With knee issues still limiting him, Raffi Torres isn’t as mobile as he once was. Apparently he still moves well enough to leave the usual path of destruction.
It’s the pre-season, so it’s unclear if we’ll get a good look at the check, but Torres received a match penalty for his hit on Anaheim Ducks forward Jakob Silfverberg.
Most accounts were pretty critical of the San Jose Sharks’ chief troublemaker:
It’s too early to tell if Silfverberg is injured. If he is, that’s a significant loss for the Ducks, as he really showed signs of fulfilling his promise (especially during the 2015 playoffs).
As far as Torres goes, he’s hoping to play in the Sharks’ season-opener. Wherever he ends up, he’ll certainly make plenty of enemies on the ice.

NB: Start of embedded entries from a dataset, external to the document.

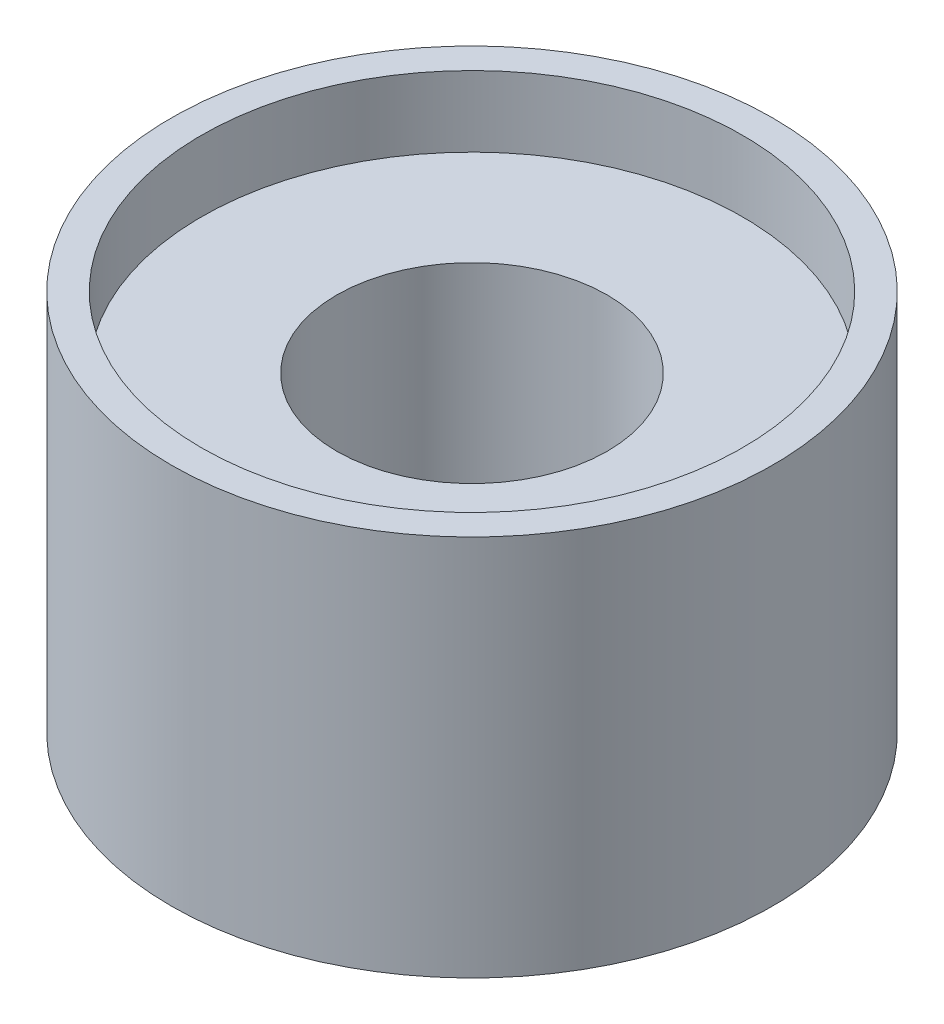
from build123d import *

# Parameters (mm, degrees)
SKETCH1_R           = 100
SKETCH1_R_2         = 90
BOSS_EXTRUDE1_DEPTH = 63.5
SKETCH4_R           = 90
SKETCH4_R_2         = 45
BOSS_EXTRUDE2_DEPTH = 40


with BuildPart() as part:
    # Sketch1 → Boss-Extrude1 (new, symmetric)
    with BuildSketch(Plane(origin=(0, 0, 0), x_dir=(1, 0, 0), z_dir=(0, 1, 0))):
        with Locations(Location((0, 0, 0), (0, 0, 270))):
            Circle(SKETCH1_R)
        with Locations(Location((0, 0, 0), (0, 0, 270))):
            Circle(SKETCH1_R_2, mode=Mode.SUBTRACT)
    extrude(amount=BOSS_EXTRUDE1_DEPTH, both=True)

    # Sketch4 → Boss-Extrude2 (add, symmetric)
    with BuildSketch(Plane(origin=(0, 0, 0), x_dir=(1, 0, 0), z_dir=(0, 1, 0))):
        with Locations(Location((0, 0, 0), (0, 0, 270))):
            Circle(SKETCH4_R)
        with Locations(Location((0, 0, 0), (0, 0, 270))):
            Circle(SKETCH4_R_2, mode=Mode.SUBTRACT)
    extrude(amount=BOSS_EXTRUDE2_DEPTH, both=True)


solid = part.part

Whether it was because of that hit or just the general distaste shared by those sides, it sounds like tonight’s Sharks – Ducks exhibition is getting ugly, in general:
This post will be updated if video of the hit becomes available, and also if we get a better idea of Silfverberg’s condition.
Update: All that’s been announced about Silfverberg is that he’s under evaluation and will not return.